As I’ve said, the human diversity data is de facto evidence that your intuition is wrong. I haven’t posted papers on this yet, but I will when you are ready to take a look.
Once again, that is honesty. You are earning trust every time you do that.
True. We do, however, know that an undirected graph does better than a tree. The finding that a middle ground model (a directed graph) fits better than a tree is no surprise. That is what everyone should have predicted. The real question is if your middle ground model does better than the state of the art, which is NOT a tree.
It seems to me that this conversation has served its purpose.
I’ve acknowledged the limitations of what I’ve done so far.

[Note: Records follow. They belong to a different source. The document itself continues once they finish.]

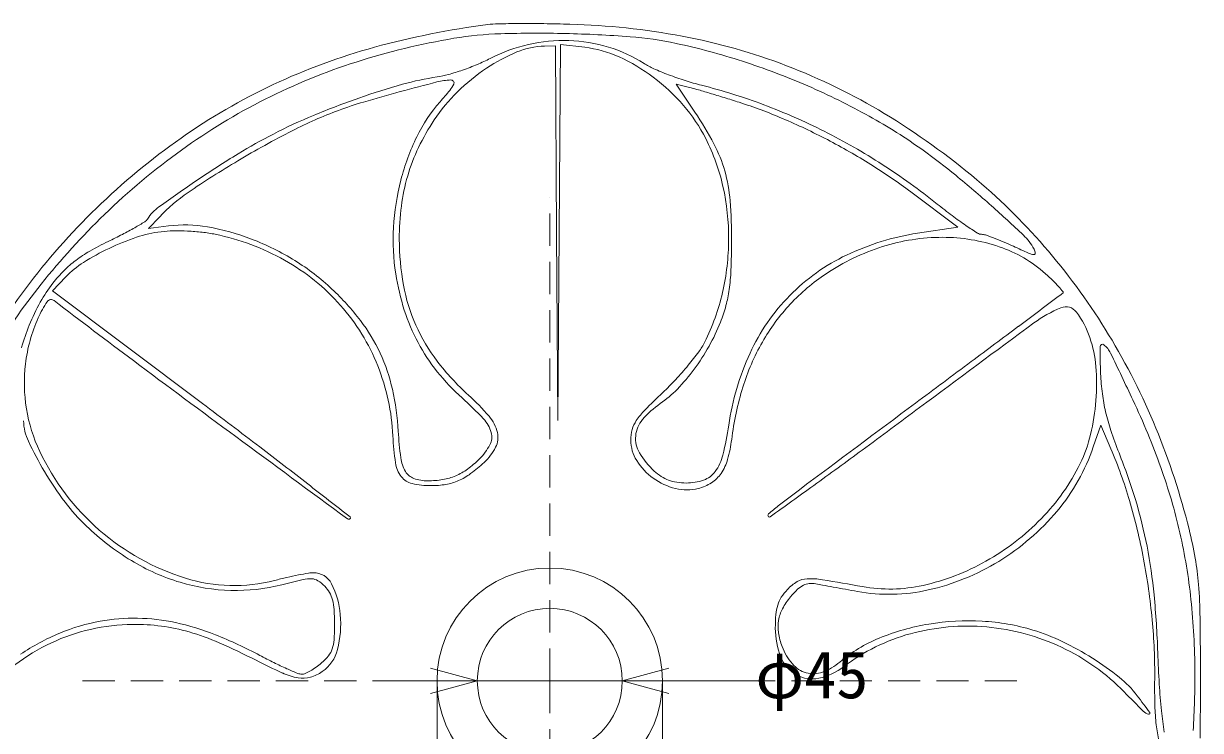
# Model space of a CAD drawing. Units: millimetres at full size, sheet at 1:5; details may follow other scales. Extents: x -1002 to 1017, y -687 to 676.
# Drawn here: x -674.6 to -309.3, y 130.1 to 349.5 of the extents above; entities that cross this region are included whole.
import ezdxf
from ezdxf.enums import TextEntityAlignment as Align

# ---------------------------------------------------------------- set-up
doc = ezdxf.new("R2010")
doc.units = ezdxf.units.MM
doc.header["$LTSCALE"] = 5
doc.linetypes.add('DASHED2', pattern=[3, 2, -1])
doc.layers.add('F-0', color=7, linetype='Continuous', lineweight=15)
doc.styles.add('ＭＳ ゴシック', font='')
doc.styles.get('ＭＳ ゴシック').set_extended_font_data('MS Gothic')

msp = doc.modelspace()

# ---------------------------------------------------------------- linework, layer by layer
at = {"layer": 'F-0', "linetype": 'DASHED2'}
for q in [(-511.278, 295.528), (-661.278, 145.528), (-361.278, 145.528), (-511.278, -425.482)]:
    msp.add_line((-511.278, 145.528), q, dxfattribs=at)
at = {"layer": 'F-0'}
for p, q in [((-533.778, 145.528), (-548.266, 149.41)), ((-488.778, 145.528), (-474.289, 149.41)), ((-449.673, 145.528), (-557.246, 145.528)), ((-533.778, 145.528), (-548.266, 141.645)), ((-546.278, 111.043), (-546.278, 145.528)), ((-488.778, 145.528), (-474.289, 141.645))]:
    msp.add_line(p, q, dxfattribs=at)
at = {"layer": 'F-0', "color": 4, "lineweight": 9}
for p, q in [((-533.778, 145.528), (-488.778, 145.528)), ((-488.778, 145.528), (-463.778, 145.528))]:
    msp.add_line(p, q, dxfattribs=at)
at = {"layer": 'F-0'}
for points in [[(-512.895, 342.478), (-509.52, 342.583), (-509.163, 284.458)], [(-509.163, 284.458), (-508.807, 226.333), (-508.396, 284.665), (-507.985, 342.997), (-500.449, 342.104)], [(-466.262, 321.996), (-472.095, 330.659), (-467.933, 329.65)], [(-399.216, 297.241), (-384.638, 286.333), (-397.119, 284.41)], [(-629.673, 286.653), (-635.812, 285.83), (-632.422, 289.438)], [(-619.085, 231.559), (-665.627, 266.558), (-661.5, 270.865)], [(-342.572, 218.119), (-340.28, 224.833), (-337.123, 217.519)], [(-546.278, 111.003), (-476.278, 111.003), (-476.278, 145.528)]]:
    msp.add_lwpolyline(points, dxfattribs=at)
for radius in [35, 22.5]:
    msp.add_circle((-511.278, 145.528), radius, dxfattribs=at)
for centre, radius, start, end in [((-498.364, 96.971), 254.219, 97.26673, 105.34576), ((-526.778, 319.799), 29.587, 91.14417, 97.26671), ((-518.778, -80.777), 430.243, 90.27782, 91.14413), ((-518.692, -98.556), 448.022, 89.29231, 90.27779), ((-520.046, -208.189), 557.663, 88.45605, 89.29233), ((-510.963, 128.794), 220.558, 79.343, 88.45601), ((-505.761, 132.649), 215.139, 99.43281, 107.7611), ((-523.248, 237.905), 108.44, 91.72051, 99.43282), ((-515.109, -33.069), 379.536, 88.68533, 91.72046), ((-506.965, 294.414), 49.768, 88.12173, 102.71127), ((-515.109, -33.086), 379.553, 85.6541, 88.68533), ((-506.916, 295.883), 48.299, 73.30076, 88.12173), ((-494.377, 239.717), 105.964, 77.8198, 85.65412), ((-504.945, 160.776), 188.014, 69.07096, 79.34294), ((-513.445, 151.923), 197.235, 105.34579, 115.11819), ((-500.951, 290.767), 53.932, 112.36428, 123.78898), ((-507.031, 294.71), 49.465, 102.71125, 117.36767), ((-512.127, 317.93), 24.56, 91.79367, 112.36427), ((-504.7, 306.206), 36.149, 65.6383, 83.24563), ((-505.527, 300.515), 43.462, 57.25944, 73.30077), ((-516.405, 137.664), 210.367, 72.03095, 77.8198), ((-512.049, 152.279), 194.527, 107.76109, 116.74276), ((-564.94, 411.462), 80.932, 289.19542, 292.65606), ((-554.415, 386.249), 53.611, 292.65595, 297.36775), ((-512.943, 288.003), 56.131, 52.97598, 65.63828), ((-470.027, 355.726), 22.177, 237.25952, 246.15263), ((-522.211, 119.763), 229.186, 66.60236, 72.03092), ((-505.388, 159.617), 189.256, 58.83533, 69.07094), ((-534.294, 250.167), 83.59, 98.23708, 105.73259), ((-550.23, 360.247), 27.638, 278.23712, 285.68661), ((-563.251, 406.613), 75.797, 285.68669, 289.19544), ((-496.556, 284.2), 61.833, 123.78906, 134.5532), ((-515.436, 284.698), 60.271, 40.73771, 52.9759), ((-442.07, 418.971), 91.325, 246.15264, 249.25949), ((-438.124, 429.391), 102.467, 249.25939, 252.32339), ((-516.56, 158.569), 189.896, 115.11815, 125.09323), ((-493.576, 105.62), 233.762, 105.73257, 109.21245), ((-357.97, -408.015), 762.959, 104.28971, 105.17435), ((-541.132, 311.096), 20.889, 92.43174, 104.28963), ((-549.786, 334.885), 9.677, 320.52106, 333.90113), ((-541.976, 330.98), 0.987, 35.03331, 92.43172), ((-541.91, 331.027), 0.906, 333.9012, 35.03317), ((-443.036, 413.977), 86.289, 252.32331, 255.80869), ((-480.863, 276.334), 54.861, 73.88306, 76.3673), ((-587.401, -92.366), 438.645, 73.34589, 73.88309), ((-508.645, 154.529), 181.326, 69.41076, 75.80858), ((-518.488, 128.368), 219.81, 61.06638, 66.60236), ((-512.247, 152.672), 194.087, 116.74278, 125.7352), ((-487.415, 87.942), 252.483, 109.21248, 112.6314), ((-423.592, -166.058), 512.262, 105.17435, 106.50016), ((-508.912, 293.111), 48.534, 138.64464, 154.0402), ((-501.177, 288.893), 55.248, 134.55325, 146.26599), ((-652.318, 419.343), 142.515, 318.64461, 320.52112), ((-601.298, -138.823), 487.136, 72.78584, 73.34596), ((-610.421, -168.269), 517.963, 72.25088, 72.78579), ((-529.687, 195.723), 135.282, 110.3924, 117.06867), ((-534.956, 209.899), 120.158, 106.5001, 110.3924), ((-509.238, 290.036), 52.092, 27.08515, 40.73769), ((-557.639, 260.47), 110.16, 27.96777, 33.95336), ((-499.627, 177.871), 154.523, 66.89967, 72.25081), ((-512.188, 145.099), 191.4, 63.26714, 69.41075), ((-524.84, 127.453), 226.844, 49.89991, 58.83536), ((-516.265, 157.144), 177.508, 112.63139, 117.08363), ((-489.003, 280.764), 69.886, 146.26597, 154.36308), ((-516.731, 137.772), 198.118, 62.45818, 66.89965), ((-493.133, 174.235), 167.402, 54.27631, 61.06639), ((-455.197, 49.961), 298.974, 117.06872, 120.75894), ((-522.968, 170.251), 162.787, 117.08367, 121.50635), ((-488.456, 283.152), 71.286, 154.04021, 165.58219), ((-514.416, 140.675), 196.353, 57.2024, 63.26723), ((-501.337, 136.902), 216.375, 125.09324, 134.13806), ((-499.33, 285.72), 58.431, 154.363, 163.62337), ((-518.267, 285.419), 62.233, 12.52235, 27.08519), ((-498.199, 292.032), 42.86, 15.85525, 27.96774), ((-518.957, 133.504), 202.932, 58.06579, 62.45823), ((-501.213, 137.336), 212.979, 125.73514, 134.12247), ((-455.629, 50.687), 298.13, 120.75895, 124.27595), ((-429.136, 17.17), 342.336, 121.50643, 124.04293), ((-515.452, 143.201), 205.628, 50.72126, 54.27629), ((-502.403, 290.838), 47.23, 4.45313, 15.85519), ((-505.094, 155.745), 176.724, 53.19346, 58.06585), ((-519.283, 133.12), 205.339, 51.33784, 57.2025), ((-342.645, -110.849), 496.834, 124.04303, 125.70183), ((-483.597, 281.903), 76.303, 165.58217, 176.75287), ((-497.556, 285.198), 60.281, 163.62334, 172.72789), ((-605.316, 33.325), 347.572, 48.32181, 50.72126), ((-499.825, 157.159), 188.008, 40.33342, 49.89992), ((-593.294, 252.679), 53.687, 124.27596, 136.78814), ((-529.692, 282.881), 73.936, 359.72477, 12.52233), ((-624.82, 281.812), 13.3, 125.70185, 148.28256), ((-478.282, 282.739), 79.71, 172.72787, 180.11189), ((-607.879, 282.624), 153.025, 359.704, 4.45314), ((-272.043, 442.145), 190.417, 231.33792, 233.10259), ((-672.807, -42.483), 449.071, 46.60344, 48.32182), ((-503.578, 139.212), 213.158, 134.13809, 143.10992), ((-484.482, 120.085), 237.011, 134.1224, 141.19092), ((-638.289, 290.137), 2.534, 301.26869, 328.28253), ((-315.305, 384.52), 118.361, 233.10265, 235.62242), ((-693.373, 379.569), 107.558, 297.35611, 299.68476), ((-705.225, 400.362), 131.492, 299.68473, 301.26882), ((-627.49, 249.269), 35.885, 91.04859, 97.12167), ((-624.428, 247.546), 39.457, 79.97803, 97.63936), ((-626.914, 217.809), 67.35, 87.25751, 91.04854), ((-627.023, 215.544), 69.618, 83.50955, 87.25751), ((-630.412, 213.681), 73.847, 68.92988, 79.97803), ((-491.044, 282.325), 68.844, 176.75285, 188.81941), ((-296.763, 411.622), 151.199, 235.62238, 237.26101), ((-606.839, 195.617), 95.698, 115.68664, 119.56748), ((-721.005, 432.977), 167.691, 295.68662, 297.35619), ((-614.951, 209.772), 77.385, 108.51418, 115.36082), ((-627.081, 245.996), 39.184, 97.1217, 108.51416), ((-624.381, 238.764), 46.248, 78.41745, 83.50952), ((-630.041, 211.146), 74.44, 60.67403, 78.41737), ((-633.257, 206.298), 81.759, 58.37364, 68.92991), ((-477.408, 282.741), 80.585, 180.11188, 190.31936), ((-531.306, 282.889), 75.551, 347.0663, 359.72472), ((-723.377, 283.221), 268.525, 357.81051, 359.70397), ((-384.998, 205.771), 79.568, 98.76215, 115.42459), ((-389.342, 221.236), 61.899, 90.00751, 107.55583), ((-389.343, 228.592), 54.543, 71.21958, 90.00752), ((-377.26, 286.423), 2.355, 237.26098, 269.58167), ((-377.306, 280.166), 3.903, 71.7005, 89.58167), ((-398.711, 215.44), 72.076, 69.56016, 71.70044), ((-399.247, 214.001), 73.612, 67.05047, 69.56015), ((-409.004, 190.959), 98.635, 65.0351, 67.05048), ((-375.926, 271.498), 16.957, 28.15498, 46.60346), ((-634.156, 243.766), 40.339, 119.5675, 126.968), ((-615.854, 211.677), 75.276, 115.36086, 122.24025), ((-387.204, 214.478), 68.986, 107.55582, 123.73397), ((-385.26, 240.598), 41.861, 48.30957, 71.21956), ((-238.687, 556.791), 304.901, 245.03513, 246.0064), ((-360.196, 283.795), 6.084, 246.00642, 262.18093), ((-360.969, 278.165), 0.401, 262.18104, 6.73699), ((-364.177, 277.786), 3.631, 6.73688, 28.15496), ((-510.989, 147.681), 202.653, 31.29022, 40.33344), ((-638.352, 249.341), 33.362, 126.96802, 135.23428), ((-640.486, 250.732), 29.102, 122.24022, 136.22706), ((-626.209, 217.968), 66.615, 41.38968, 60.67403), ((-627.437, 215.749), 70.66, 46.59686, 58.3736), ((-392.464, 221.476), 62.178, 115.42462, 135.47064), ((-628.996, 240.061), 46.539, 135.23432, 141.67519), ((-485.51, 283.184), 74.444, 188.81942, 197.70841), ((-516.979, 275.33), 61.976, 352.1856, 357.81046), ((-390.424, 219.301), 63.187, 123.73397, 137.00623), ((-406.503, 216.747), 73.801, 45.86748, 48.30956), ((-518.601, 150.488), 194.373, 143.10992, 152.72446), ((-532.13, 158.407), 175.864, 141.19091, 150.03139), ((-631.621, 242.137), 43.193, 141.67524, 151.06123), ((-635.877, 206.825), 82.943, 37.48626, 46.59676), ((-502.6, 278.154), 54.979, 190.31939, 203.91392), ((-494.129, 272.194), 38.912, 344.73172, 352.18556), ((-380.275, 243.782), 36.133, 41.70085, 45.8674), ((-383.162, 241.21), 40, 38.75306, 41.70088), ((-610.024, 230.195), 67.872, 151.06123, 157.75124), ((-639.014, 244.131), 34.063, 146.02078, 155.7289), ((-666.042, 262.348), 1.468, 52.4769, 146.02079), ((710.069, 2054.226), 2257.847, 232.47677, 233.26034), ((-524.778, 281.389), 68.852, 333.49509, 347.06632), ((-392.025, 221.044), 62.794, 135.47065, 155.40408), ((-490315.449, 657256.237), 819573.431, 306.71325, 306.7144), ((-376.016, 296.697), 39.121, 306.71442, 307.83443), ((-352.215, 266.05), 0.317, 307.83445, 38.75301), ((-624.801, 219.209), 64.739, 21.79637, 41.38972), ((-499.23, 278.803), 60.042, 197.70835, 208.15232), ((-504.08, 274.91), 49.227, 338.48275, 344.73171), ((-390.555, 219.423), 63.008, 137.00622, 150.3068), ((-337.533, 224.635), 39.624, 112.34223, 126.32382), ((-351.056, 257.538), 4.051, 36.72097, 112.3422), ((-370.809, 242.803), 28.694, 18.74318, 36.72092), ((-614.351, 231.965), 63.197, 157.75127, 164.54158), ((-626.176, 238.343), 48.145, 155.72892, 164.56413), ((-613.169, 224.241), 54.325, 24.97652, 37.48619), ((-502.801, 278.065), 54.758, 203.91394, 217.53953), ((-515.495, 279.411), 61.498, 330.73086, 338.48277), ((3949.076, -5605.797), 7276.263, 126.32381, 126.67148), ((-54080.278, 72284.471), 89852.188, 306.7015, 306.71319), ((-517.257, 143.871), 209.988, 22.40999, 31.29029), ((-625.077, 238.039), 49.285, 164.56418, 173.24561), ((-500.359, 278.198), 58.761, 208.15223, 218.71879), ((-520.569, 282.255), 67.314, 323.48699, 330.73089), ((-481.663, 259.889), 20.674, 323.52436, 333.4951), ((-384.847, 216.168), 69.579, 150.30682, 162.90834), ((-379.211, 239.952), 37.566, 4.75992, 18.74311), ((-180.086, 248.172), 160.368, 179.6217, 182.63986), ((-339.721, 249.226), 0.729, 50.93473, 179.62169), ((-344.066, 243.873), 7.623, 25.77325, 50.93475), ((2957.978, 5065.674), 6015.761, 233.26034, 233.63735), ((-613.112, 224.267), 54.263, 12.45861, 24.97651), ((-538.846, 302.164), 91.787, 320.22705, 323.52431), ((-374.245, 212.905), 82.348, 155.40407, 171.67162), ((-1812.745, -465.268), 1638.543, 25.21061, 25.77326), ((-624.564, 237.979), 49.802, 173.24566, 205.29132), ((-626.927, 218.359), 67.028, 2.70705, 21.79636), ((-483.289, 293.058), 79.366, 217.5395, 227.85654), ((-493.196, 283.941), 67.942, 218.71871, 228.1953), ((-548.039, 309.816), 103.748, 316.97166, 320.22698), ((-515.644, 278.608), 61.187, 315.93295, 323.48706), ((-101161.707, 135445.495), 168630.205, 306.69419, 306.70152), ((-407.459, 237.6), 65.912, 355.58117, 4.75986), ((-538.816, 301.207), 91.131, 313.38384, 316.97163), ((-261.797, 244.405), 78.569, 182.6398, 187.17681), ((-640.764, 218.158), 82.582, 3.32016, 12.45858), ((-585.925, 179.641), 73.597, 40.6836, 47.85652), ((-324.124, 74.049), 221.428, 133.38379, 135.39138), ((-496.722, 260.292), 34.851, 304.41937, 315.933), ((-360.45, 208.667), 95.103, 162.90841, 172.87823), ((-284.917, 241.493), 55.267, 187.17681, 193.0827), ((-2720.348, -2562.788), 3496.239, 52.69219, 53.05797), ((-609.088, 154.345), 105.915, 43.21247, 48.19528), ((-461.365, 208.693), 27.699, 124.41937, 139.75263), ((92835.507, -124876.615), 156027.338, 126.69424, 126.71074), ((-2733.326, 3368.653), 3912.804, 306.34741, 306.67147), ((-409.018, 237.721), 67.476, 346.48803, 355.58114), ((-544.363, 131.874), 236.626, 19.71017, 25.21065), ((-539.441, 219.775), 10.354, 15.74971, 43.21252), ((-539.174, 219.83), 11.946, 13.17966, 40.6836), ((-475.595, 220.738), 9.056, 139.75264, 175.0222), ((-465.927, 213.927), 22.244, 135.39136, 146.24537), ((-276.607, 243.425), 63.798, 193.08276, 198.51888), ((-658.506, 226.695), 16.129, 181.90273, 205.05389), ((-448.768, 229.296), 109.738, 183.32016, 187.64479), ((-473.141, 220.161), 12.979, 165.17999, 180.00005), ((-476.64, 221.087), 9.36, 146.24535, 165.18011), ((-553.353, 239.125), 98.669, 346.20068, 351.67162), ((-207.033, 266.729), 137.172, 198.51895, 201.58569), ((-528.667, 139.166), 222.33, 13.90207, 22.41002), ((-578.836, 263.937), 104.073, 205.0539, 210.89314), ((80133.338, 109886.921), 136183.076, 233.63739, 233.65549), ((-474.44, 225.569), 85.629, 182.70703, 188.35044), ((-534.44, 221.186), 5.158, 331.90264, 15.74973), ((-534.03, 221.035), 6.662, 332.98522, 13.17968), ((-474.232, 220.161), 11.888, 179.99998, 212.0753), ((-475.857, 220.761), 8.793, 175.02221, 210.9604), ((-497.551, 225.796), 43.064, 344.44816, 352.8783), ((-386.049, 232.201), 43.853, 333.92966, 346.488), ((-602.296, 248.5), 74.43, 205.29132, 229.01038), ((-1665.946, -1179.082), 1756.581, 52.0801, 52.69224), ((-546.344, 227.542), 18.653, 315.04079, 331.9027), ((-543.243, 225.732), 17.004, 313.00541, 332.98524), ((-461.259, 229.518), 25.817, 210.96046, 227.06359), ((-471.561, 219.036), 14.446, 323.6038, 346.20063), ((-1590.403, 1815.447), 1984.406, 305.80884, 306.34742), ((-401.438, 238.204), 62.198, 319.9916, 341.15997), ((-464.145, 162.678), 138.355, 16.26776, 23.35208), ((-512.625, 145.825), 191.468, 16.88336, 21.58576), ((-550.078, 214.466), 9.181, 188.35038, 217.47711), ((-546.421, 216.189), 11.209, 187.64486, 210.7511), ((-555.474, 236.659), 31.556, 306.23535, 315.04082), ((-564.147, 248.144), 47.652, 306.44293, 313.0054), ((-467.964, 224.089), 19.286, 212.0753, 234.4045), ((-470.242, 218.196), 14.717, 325.67273, 344.44815), ((-405.754, 241.842), 65.79, 315.68589, 333.92965), ((-575.825, 265.739), 107.582, 210.89322, 217.01233), ((-552.749, 212.418), 5.815, 217.47704, 257.13999), ((-551.792, 212.993), 4.959, 210.75114, 250.38118), ((-549.184, 220.309), 12.726, 250.38116, 269.99998), ((-547.374, 225.431), 17.699, 279.38925, 292.90933), ((-547.548, 225.842), 18.145, 292.90937, 306.23531), ((-547.397, 225.461), 19.454, 293.62843, 306.44289), ((-467.331, 224.973), 20.373, 234.40452, 256.07611), ((-467.754, 222.537), 16.281, 227.06366, 236.80952), ((-470.354, 218.563), 11.533, 236.80958, 249.42961), ((-466.002, 214.938), 7.54, 289.1798, 323.60382), ((-466.666, 215.754), 10.386, 302.50385, 325.6727), ((-487.554, 152.226), 176.281, 12.8514, 19.71018), ((-9414.381, -11125.237), 14364.685, 52.01359, 52.08005), ((-548.135, 232.629), 26.545, 257.13988, 270.00004), ((-549.184, 236.38), 28.797, 270.00004, 279.38922), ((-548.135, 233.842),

You’ve pointed out the limitations and the sorts of issues that need to be dealt with. They largely correspond to what I’d already thought would be the concerns with a few surprises. Now I need to go ponder these things for a while.
Just to help you out, here is on example of a study that shows human diversity (which obviously results from common descent) does not show a tree pattern (https://doi.org/10.1534/genetics.115.182626). I can produce more examples when you are ready to engage on that. Alan Templeton, a leading population geneticist, argues that not a single human diversity dataset he has examined survives a statistical test to see if it is a tree (private communication).
As I stated earlier, human variation data serves as an excellent negative control. If you solve the technical problems in this approach, the signal should disappear when you look at human diversity data. Gnomad (http://gnomad.broadinstitute.org/) should provide more than enough data to test this. When that analysis is done, whatever the results, please let us know. Even if it does not work out, you get credit for being upfront about the negative results.
Thank you too. It has been a pleasure having you here. Whenever you would like to re-open the conversation, let us know. I will reopen it for you. It seems like many of us are looking forward to seeing how this develops.